#### [What to work on]
Your answer should be every line from the records that contains "Calculation".

[Collected data entries]
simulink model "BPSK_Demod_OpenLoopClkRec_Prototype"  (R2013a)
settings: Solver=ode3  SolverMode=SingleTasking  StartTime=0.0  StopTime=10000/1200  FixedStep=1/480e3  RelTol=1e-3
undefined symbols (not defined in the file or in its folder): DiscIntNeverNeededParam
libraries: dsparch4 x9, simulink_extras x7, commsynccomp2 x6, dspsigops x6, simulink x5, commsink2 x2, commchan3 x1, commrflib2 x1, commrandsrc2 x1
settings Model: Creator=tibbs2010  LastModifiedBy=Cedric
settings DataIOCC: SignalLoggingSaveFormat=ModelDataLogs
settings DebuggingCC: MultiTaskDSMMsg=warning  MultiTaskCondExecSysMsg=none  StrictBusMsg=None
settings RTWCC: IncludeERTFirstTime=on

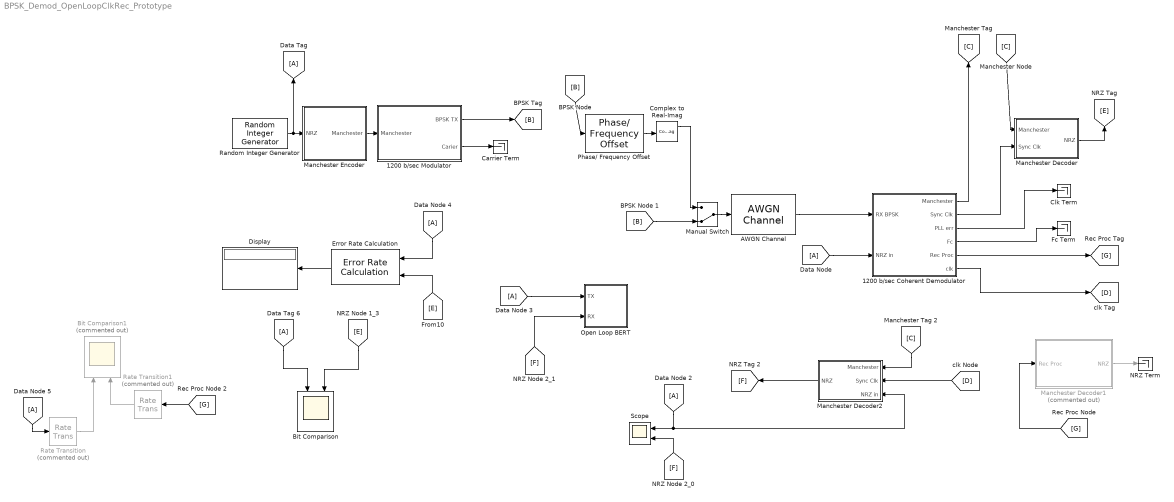
== system BPSK_Demod_OpenLoopClkRec_Prototype ==
  1200 b/sec Modulator : Subsystem
  1200 b/sec Coherent Demodulator : Subsystem
  AWGN Channel : commchan3/AWGN Channel  InputProcessing=Columns as channels (frame based)  seed=randseed  noiseMode="Signal to noise ratio  (Eb/No)"  EbNodB=0  EsNodB=10  SNRdB=10  bitsPerSym=1  Ps=12.5  Tsym=1/1200  variance=1
  Bit Comparison : Scope  NumInputPorts=2
      settings: YMin=-0.5~-0.5  YMax=1.5~1.5
  Bit Comparison1 : Scope  Commented=on  NumInputPorts=2
      settings: YMin=-0.5~-0.5  YMax=1.5~1.5  SaveName=ScopeData19
  Carrier Term : Terminator
  Clk Term : Terminator
  Complex to Real-Imag : ComplexToRealImag
  Display : Display
  Error Rate Calculation : commsink2/Error Rate Calculation  N=3  st_delay=0  cp_mode=Entire frame  subframe=[]  PMode=Port  WsName=ErrorVec  RsMode2=off  stop=off  numErr=100  maxBits=1e6
  Fc Term : Terminator
  Manchester Encoder : Subsystem
  Manchester Decoder : Subsystem
  Manchester Decoder1 : Subsystem  Commented=on
  Manchester Decoder2 : Subsystem
  Manual Switch : ManualSwitch  CurrentSetting=0
  NRZ Term : Terminator
  Open Loop BERT : Subsystem
  Phase/ Frequency Offset : commrflib2/Phase// Frequency Offset  phaseOffset=30  freqPort=off  freqOffset=0
  Random Integer Generator : commrandsrc2/Random Integer Generator  mul=2  seed=randseed  Ts=1/1200  frameBased=off  sampPerFrame=1  orient=off  outDataType=double
  Rate Transition : RateTransition  Commented=on  OutPortSampleTime=1/1200
  Rate Transition1 : RateTransition  Commented=on  OutPortSampleTime=1/1200
  Scope : Scope  NumInputPorts=2
      settings: YMin=-5~-5  YMax=5~5  SaveName=ScopeData26
  wires:
  Error Rate Calculation/1 -> Display/1
  1200 b/sec Coherent Demodulator/1(Manchester) -> [C]
  1200 b/sec Coherent Demodulator/2(Sync Clk) -> Manchester Decoder/2(Sync Clk)
  Phase/ Frequency Offset/1 -> Complex to Real-Imag/1
  Complex to Real-Imag/1 -> Manual Switch/1
  Manual Switch/1 -> AWGN Channel/1
  AWGN Channel/1 -> 1200 b/sec Coherent Demodulator/1(RX BPSK)
  1200 b/sec Coherent Demodulator/5(Rec Proc) -> [G]
  1200 b/sec Coherent Demodulator/3(PLL err) -> Clk Term/1
  1200 b/sec Coherent Demodulator/4(Fc) -> Fc Term/1
  Rate Transition/1 -> Bit Comparison1/1
  Rate Transition1/1 -> Bit Comparison1/2
  1200 b/sec Coherent Demodulator/6(clk) -> [D]
  [A] -> Open Loop BERT/1(TX)
  [B] -> Phase/ Frequency Offset/1
  [B] -> Manual Switch/2
  [A] -> 1200 b/sec Coherent Demodulator/2(NRZ in)
  [A] -> Rate Transition/1
  [A] -> Manchester Decoder2/3(NRZ in), Scope/1
  [A] -> Error Rate Calculation/1
  [A] -> Bit Comparison/1
  [C] -> Manchester Decoder/1(Manchester)
  [C] -> Manchester Decoder2/1(Manchester)
  [D] -> Manchester Decoder2/2(Sync Clk)
  Manchester Decoder/1(NRZ) -> [E]
  [E] -> Bit Comparison/2
  Manchester Decoder2/1(NRZ) -> [F]
  [G] -> Manchester Decoder1/1(Rec Proc)
  [G] -> Rate Transition1/1
  Manchester Decoder1/1(NRZ) -> NRZ Term/1
  [F] -> Open Loop BERT/2(RX)
  [F] -> Scope/2
  [E] -> Error Rate Calculation/2
  1200 b/sec Modulator/2(Carier) -> Carrier Term/1
  1200 b/sec Modulator/1(BPSK TX) -> [B]
  Random Integer Generator/1 -> Manchester Encoder/1(NRZ), [A]
  Manchester Encoder/1(Manchester) -> 1200 b/sec Modulator/1(Manchester)

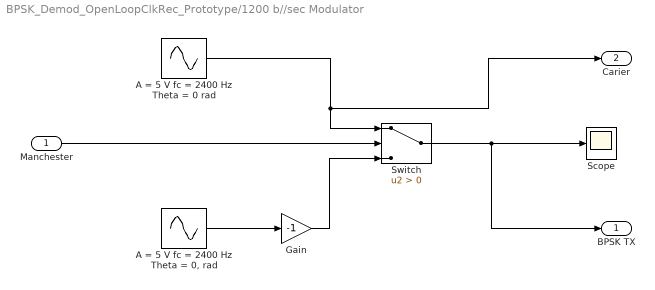
== system BPSK_Demod_OpenLoopClkRec_Prototype/1200 b//sec Modulator ==
  Manchester : Inport
  A = 5 V fc = 2400 Hz Theta = 0 rad : Sin  Amplitude=5  Frequency=2*pi*2400  Phase=pi/2  SampleTime=1/480e3
  "A = 5 V fc = 2400 Hz Theta = 0, rad" : Sin  Amplitude=5  Frequency=2*pi*2400  Phase=pi/2  SampleTime=1/480e3  Offset=pi
  Gain : Gain  Gain=-1
  Scope : Scope
      settings: SaveName=ScopeData22
  Switch : Switch  Criteria=u2 > Threshold
  BPSK TX : Outport
  Carier : Outport  Port=2
  wires:
  A = 5 V fc = 2400 Hz Theta = 0 rad/1 -> Switch/1, Carier/1
  "A = 5 V fc = 2400 Hz Theta = 0, rad"/1 -> Gain/1
  Gain/1 -> Switch/3
  Manchester/1 -> Switch/2
  Switch/1 -> Scope/1, BPSK TX/1

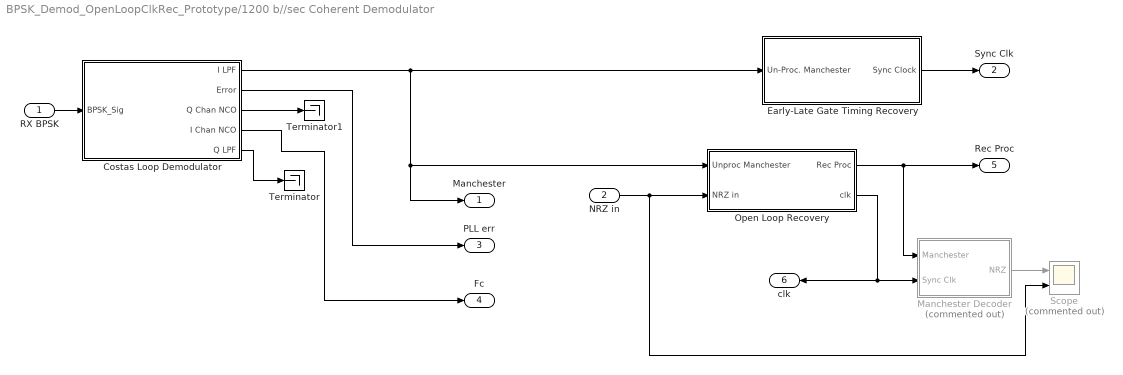
== system BPSK_Demod_OpenLoopClkRec_Prototype/1200 b//sec Coherent Demodulator ==
  RX BPSK : Inport
  NRZ in : Inport  Port=2
  Costas Loop Demodulator : Subsystem
  Early-Late Gate Timing Recovery : Subsystem
  Manchester Decoder : Subsystem  Commented=on
  Open Loop Recovery : Subsystem
  Scope : Scope  Commented=on  NumInputPorts=2
      settings: YMin=-5~-5  YMax=5~5  SaveName=ScopeData20
  Terminator : Terminator
  Terminator1 : Terminator
  Manchester : Outport
  Sync Clk : Outport  Port=2
  PLL err : Outport  Port=3
  Fc : Outport  Port=4
  Rec Proc : Outport  Port=5
  clk : Outport  Port=6
  wires:
  RX BPSK/1 -> Costas Loop Demodulator/1(BPSK_Sig)
  Early-Late Gate Timing Recovery/1(Sync Clock) -> Sync Clk/1
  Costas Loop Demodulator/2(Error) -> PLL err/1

#### [Solution for this task]
  Error Rate Calculation : commsink2/Error Rate Calculation  N=3  st_delay=0  cp_mode=Entire frame  subframe=[]  PMode=Port  WsName=ErrorVec  RsMode2=off  stop=off  numErr=100  maxBits=1e6
  Error Rate Calculation/1 -> Display/1
  [A] -> Error Rate Calculation/1
  [E] -> Error Rate Calculation/2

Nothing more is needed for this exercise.